Toute le semaine Roskosmos a tenté de prédire le lieu de l'impact de cet appareil, évoquant d'abord le centre de l'océan Indien, puis les rives de Madagascar avant de prédire une chute dans l'Atlantique, au large de l'Argentine, puis dans le Pacifique, près des côtes du Chili.
Dans un dernier communiqué, l'agence spatiale russe a cessé ses prédictions, publiant une carte couvrant l'Amérique du Sud, l'Afrique, l'Europe, l'Asie, l'Océanie et les océans Atlantique, Pacifique et Indien.
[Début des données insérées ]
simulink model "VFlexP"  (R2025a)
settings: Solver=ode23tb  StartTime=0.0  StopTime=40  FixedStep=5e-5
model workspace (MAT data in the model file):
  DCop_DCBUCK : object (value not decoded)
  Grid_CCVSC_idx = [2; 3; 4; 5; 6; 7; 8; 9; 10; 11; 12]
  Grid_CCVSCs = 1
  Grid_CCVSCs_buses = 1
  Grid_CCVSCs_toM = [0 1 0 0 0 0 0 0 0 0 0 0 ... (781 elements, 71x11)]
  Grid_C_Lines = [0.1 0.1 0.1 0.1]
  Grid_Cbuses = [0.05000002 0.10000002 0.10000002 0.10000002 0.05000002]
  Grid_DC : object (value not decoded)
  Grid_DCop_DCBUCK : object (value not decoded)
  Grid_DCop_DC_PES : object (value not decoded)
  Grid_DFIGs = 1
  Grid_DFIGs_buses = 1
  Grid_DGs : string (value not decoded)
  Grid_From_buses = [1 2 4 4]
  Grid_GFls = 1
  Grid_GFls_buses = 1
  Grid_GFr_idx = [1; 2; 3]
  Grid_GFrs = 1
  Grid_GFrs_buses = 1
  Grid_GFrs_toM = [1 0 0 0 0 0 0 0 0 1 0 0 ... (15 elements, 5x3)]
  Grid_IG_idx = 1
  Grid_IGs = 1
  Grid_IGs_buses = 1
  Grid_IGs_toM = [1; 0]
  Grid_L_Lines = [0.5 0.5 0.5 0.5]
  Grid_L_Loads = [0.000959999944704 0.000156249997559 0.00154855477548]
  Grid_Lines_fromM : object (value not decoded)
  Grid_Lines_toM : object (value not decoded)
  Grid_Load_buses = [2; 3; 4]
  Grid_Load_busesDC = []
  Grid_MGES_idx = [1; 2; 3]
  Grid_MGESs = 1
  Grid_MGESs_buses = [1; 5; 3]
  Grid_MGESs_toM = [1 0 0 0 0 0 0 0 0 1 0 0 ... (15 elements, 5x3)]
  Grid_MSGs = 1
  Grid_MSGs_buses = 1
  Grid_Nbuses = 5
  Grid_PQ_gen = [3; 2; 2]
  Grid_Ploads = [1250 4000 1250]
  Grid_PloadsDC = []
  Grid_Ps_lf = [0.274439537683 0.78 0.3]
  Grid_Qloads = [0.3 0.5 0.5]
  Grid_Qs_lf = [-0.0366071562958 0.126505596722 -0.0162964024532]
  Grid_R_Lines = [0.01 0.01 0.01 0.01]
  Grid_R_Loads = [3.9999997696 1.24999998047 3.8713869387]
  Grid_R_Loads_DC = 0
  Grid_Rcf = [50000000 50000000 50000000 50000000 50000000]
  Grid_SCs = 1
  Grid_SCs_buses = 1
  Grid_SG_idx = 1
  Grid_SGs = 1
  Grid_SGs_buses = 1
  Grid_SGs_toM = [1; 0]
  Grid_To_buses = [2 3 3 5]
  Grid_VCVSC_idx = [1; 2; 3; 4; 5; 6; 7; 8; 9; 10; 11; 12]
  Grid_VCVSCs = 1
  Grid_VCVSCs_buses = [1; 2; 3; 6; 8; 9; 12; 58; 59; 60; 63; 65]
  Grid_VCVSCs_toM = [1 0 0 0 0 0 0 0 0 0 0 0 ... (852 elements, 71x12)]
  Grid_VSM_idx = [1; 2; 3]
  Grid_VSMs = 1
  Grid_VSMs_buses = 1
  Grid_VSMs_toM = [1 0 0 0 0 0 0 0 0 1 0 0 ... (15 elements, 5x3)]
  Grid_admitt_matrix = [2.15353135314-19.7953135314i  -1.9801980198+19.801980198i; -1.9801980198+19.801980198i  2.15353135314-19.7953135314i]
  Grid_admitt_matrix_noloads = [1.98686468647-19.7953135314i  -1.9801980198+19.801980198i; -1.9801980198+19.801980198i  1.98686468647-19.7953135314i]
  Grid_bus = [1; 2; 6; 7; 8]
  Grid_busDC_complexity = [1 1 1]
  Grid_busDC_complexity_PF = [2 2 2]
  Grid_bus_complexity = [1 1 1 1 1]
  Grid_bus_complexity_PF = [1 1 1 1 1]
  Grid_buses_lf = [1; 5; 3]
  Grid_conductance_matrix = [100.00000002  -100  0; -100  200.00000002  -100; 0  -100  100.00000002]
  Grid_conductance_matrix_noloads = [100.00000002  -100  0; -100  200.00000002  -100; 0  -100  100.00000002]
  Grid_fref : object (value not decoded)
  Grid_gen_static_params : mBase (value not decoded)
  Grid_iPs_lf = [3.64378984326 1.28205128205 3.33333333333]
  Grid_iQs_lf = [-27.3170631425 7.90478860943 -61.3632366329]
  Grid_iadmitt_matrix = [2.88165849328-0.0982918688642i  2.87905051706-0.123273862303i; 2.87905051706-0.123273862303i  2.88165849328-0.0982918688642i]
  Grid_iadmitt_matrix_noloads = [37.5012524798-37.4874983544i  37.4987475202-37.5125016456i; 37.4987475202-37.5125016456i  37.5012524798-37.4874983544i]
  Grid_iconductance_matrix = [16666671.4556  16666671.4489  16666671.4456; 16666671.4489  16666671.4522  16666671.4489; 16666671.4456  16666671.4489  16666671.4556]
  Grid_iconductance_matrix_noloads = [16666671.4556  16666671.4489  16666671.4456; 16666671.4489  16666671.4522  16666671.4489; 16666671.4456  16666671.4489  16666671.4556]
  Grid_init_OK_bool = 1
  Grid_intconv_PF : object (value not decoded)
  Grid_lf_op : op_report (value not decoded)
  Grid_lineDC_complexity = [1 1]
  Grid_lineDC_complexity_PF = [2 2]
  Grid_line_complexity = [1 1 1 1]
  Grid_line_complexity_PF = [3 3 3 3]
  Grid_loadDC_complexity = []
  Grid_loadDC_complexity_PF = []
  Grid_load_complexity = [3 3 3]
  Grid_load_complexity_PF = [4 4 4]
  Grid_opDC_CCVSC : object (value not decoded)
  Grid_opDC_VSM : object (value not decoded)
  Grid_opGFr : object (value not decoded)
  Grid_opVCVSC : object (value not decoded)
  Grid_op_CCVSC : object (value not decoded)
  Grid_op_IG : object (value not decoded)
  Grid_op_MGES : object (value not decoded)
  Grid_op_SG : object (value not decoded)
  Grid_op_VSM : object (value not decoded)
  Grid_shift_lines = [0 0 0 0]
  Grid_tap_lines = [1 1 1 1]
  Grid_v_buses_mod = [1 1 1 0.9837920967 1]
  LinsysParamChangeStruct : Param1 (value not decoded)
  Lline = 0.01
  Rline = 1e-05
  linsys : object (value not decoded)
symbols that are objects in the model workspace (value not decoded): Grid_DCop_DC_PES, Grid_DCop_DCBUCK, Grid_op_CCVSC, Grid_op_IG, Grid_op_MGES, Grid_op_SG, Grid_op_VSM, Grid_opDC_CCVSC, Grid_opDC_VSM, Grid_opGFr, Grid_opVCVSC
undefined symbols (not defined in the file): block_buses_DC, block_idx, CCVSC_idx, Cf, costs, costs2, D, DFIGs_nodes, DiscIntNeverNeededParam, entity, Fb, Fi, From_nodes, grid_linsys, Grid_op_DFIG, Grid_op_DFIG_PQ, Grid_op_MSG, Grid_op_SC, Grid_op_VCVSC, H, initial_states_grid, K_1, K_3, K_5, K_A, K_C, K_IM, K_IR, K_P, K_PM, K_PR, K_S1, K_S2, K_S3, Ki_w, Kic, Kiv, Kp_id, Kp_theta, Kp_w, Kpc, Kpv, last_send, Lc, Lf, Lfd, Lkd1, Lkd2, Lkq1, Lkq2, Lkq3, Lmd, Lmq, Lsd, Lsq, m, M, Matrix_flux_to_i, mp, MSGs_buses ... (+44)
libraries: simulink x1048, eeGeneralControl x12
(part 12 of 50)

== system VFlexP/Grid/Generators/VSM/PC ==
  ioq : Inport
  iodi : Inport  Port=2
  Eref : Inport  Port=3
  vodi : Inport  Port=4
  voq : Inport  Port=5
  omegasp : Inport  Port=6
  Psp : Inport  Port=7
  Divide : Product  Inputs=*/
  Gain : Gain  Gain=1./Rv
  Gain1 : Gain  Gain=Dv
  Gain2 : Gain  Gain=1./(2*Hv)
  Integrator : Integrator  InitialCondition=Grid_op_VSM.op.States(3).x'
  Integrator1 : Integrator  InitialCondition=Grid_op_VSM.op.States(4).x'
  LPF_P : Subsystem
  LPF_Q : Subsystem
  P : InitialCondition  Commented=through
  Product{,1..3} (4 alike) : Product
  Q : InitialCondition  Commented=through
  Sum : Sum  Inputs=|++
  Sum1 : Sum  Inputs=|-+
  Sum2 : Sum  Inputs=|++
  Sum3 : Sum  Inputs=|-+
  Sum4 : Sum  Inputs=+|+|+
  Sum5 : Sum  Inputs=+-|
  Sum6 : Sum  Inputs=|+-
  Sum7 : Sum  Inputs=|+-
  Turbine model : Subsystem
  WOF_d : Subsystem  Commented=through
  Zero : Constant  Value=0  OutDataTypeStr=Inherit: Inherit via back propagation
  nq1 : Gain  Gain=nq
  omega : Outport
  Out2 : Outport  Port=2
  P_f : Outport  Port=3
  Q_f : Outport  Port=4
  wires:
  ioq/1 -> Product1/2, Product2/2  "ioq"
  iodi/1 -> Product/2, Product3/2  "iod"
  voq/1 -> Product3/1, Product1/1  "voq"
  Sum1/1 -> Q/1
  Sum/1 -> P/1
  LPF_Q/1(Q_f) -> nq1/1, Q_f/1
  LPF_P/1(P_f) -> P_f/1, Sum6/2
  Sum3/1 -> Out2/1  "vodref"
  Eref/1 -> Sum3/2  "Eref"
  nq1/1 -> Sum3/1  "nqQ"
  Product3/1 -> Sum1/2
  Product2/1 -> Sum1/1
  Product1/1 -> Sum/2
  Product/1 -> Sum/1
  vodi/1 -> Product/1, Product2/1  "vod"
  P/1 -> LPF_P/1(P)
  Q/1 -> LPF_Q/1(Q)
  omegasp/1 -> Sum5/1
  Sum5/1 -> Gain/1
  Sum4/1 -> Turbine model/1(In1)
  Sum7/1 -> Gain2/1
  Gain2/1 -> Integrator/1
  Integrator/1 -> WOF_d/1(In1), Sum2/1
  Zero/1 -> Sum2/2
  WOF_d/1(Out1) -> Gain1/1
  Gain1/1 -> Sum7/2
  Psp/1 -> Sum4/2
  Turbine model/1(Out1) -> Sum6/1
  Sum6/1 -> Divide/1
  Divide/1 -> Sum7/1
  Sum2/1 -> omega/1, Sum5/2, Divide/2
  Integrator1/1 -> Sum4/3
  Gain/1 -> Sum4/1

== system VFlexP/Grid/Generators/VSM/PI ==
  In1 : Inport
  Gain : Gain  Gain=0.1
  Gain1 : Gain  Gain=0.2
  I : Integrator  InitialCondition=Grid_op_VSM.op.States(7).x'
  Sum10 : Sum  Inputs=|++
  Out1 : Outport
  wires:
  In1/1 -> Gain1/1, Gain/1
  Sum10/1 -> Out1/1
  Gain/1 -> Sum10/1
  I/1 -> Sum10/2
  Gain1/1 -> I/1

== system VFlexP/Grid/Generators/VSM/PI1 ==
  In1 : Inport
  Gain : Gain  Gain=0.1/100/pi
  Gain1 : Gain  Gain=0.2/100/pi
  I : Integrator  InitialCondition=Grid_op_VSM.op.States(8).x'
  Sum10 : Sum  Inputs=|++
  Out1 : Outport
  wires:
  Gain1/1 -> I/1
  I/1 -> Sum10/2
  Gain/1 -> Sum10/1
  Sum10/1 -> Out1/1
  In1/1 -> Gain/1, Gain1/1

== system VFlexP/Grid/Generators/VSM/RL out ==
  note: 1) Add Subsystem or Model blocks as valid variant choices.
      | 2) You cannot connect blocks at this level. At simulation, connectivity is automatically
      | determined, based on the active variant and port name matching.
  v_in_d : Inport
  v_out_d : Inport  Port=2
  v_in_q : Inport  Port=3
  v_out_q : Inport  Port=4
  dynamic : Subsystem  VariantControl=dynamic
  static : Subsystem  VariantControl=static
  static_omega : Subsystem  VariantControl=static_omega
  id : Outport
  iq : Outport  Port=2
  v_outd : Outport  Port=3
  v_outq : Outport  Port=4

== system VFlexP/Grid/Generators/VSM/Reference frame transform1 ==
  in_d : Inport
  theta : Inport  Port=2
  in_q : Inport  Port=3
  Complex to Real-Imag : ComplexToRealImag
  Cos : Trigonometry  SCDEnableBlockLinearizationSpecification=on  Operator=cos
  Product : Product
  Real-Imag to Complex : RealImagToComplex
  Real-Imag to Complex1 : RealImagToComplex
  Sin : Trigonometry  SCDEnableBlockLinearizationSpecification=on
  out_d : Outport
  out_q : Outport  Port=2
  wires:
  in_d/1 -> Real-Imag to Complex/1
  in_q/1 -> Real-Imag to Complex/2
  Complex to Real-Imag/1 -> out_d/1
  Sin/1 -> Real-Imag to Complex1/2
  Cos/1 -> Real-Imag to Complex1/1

L'heure de l'impact n'était guère plus précise, les scientifiques russes ayant annoncé un fenêtre s'étallant de 14H36 GMT à 22H24 GMT.
Une source au sein du secteur spatial russe, citée par l'agence d'Etat Itar-Tass, s'est risquée en fin de matinée dimanche à une prédiction plus précise. Selon elle, Phobos-Grunt s'écrasera dans la partie chinoise du désert de Gobi vers 22H40 de Moscou (18H40 GMT).
Roskosmos s'est néanmoins voulu rassurant, estimant que même si des fragments de l'appareil devaient tomber sur une zone habitée, le danger pour la population serait minime, car l'essentiel de cette sonde de 13.500 kilos devrait se consumer en entrant dans l'atmosphère.
Seuls 20 ou 30 débris, ne pesant au total pas plus de 200 kilos, devraient parvenir jusqu'à la surface terrestre. Phobos Grunt, lancée le 9 novembre, devait se diriger vers un satellite de Mars, Phobos, et en ramener des échantillons, mais elle a échoué à s'affranchir de l'attraction de Terre. Depuis, son orbite baisse lentement.
Cet appareil d'un coût de 165 millions de dollars devait marquer le retour de la Russie dans l'exploration interplanétaire, abandonnée après l'échec en novembre 1996 de la sonde Mars 96, qui était retombée dans l'océan Pacifique.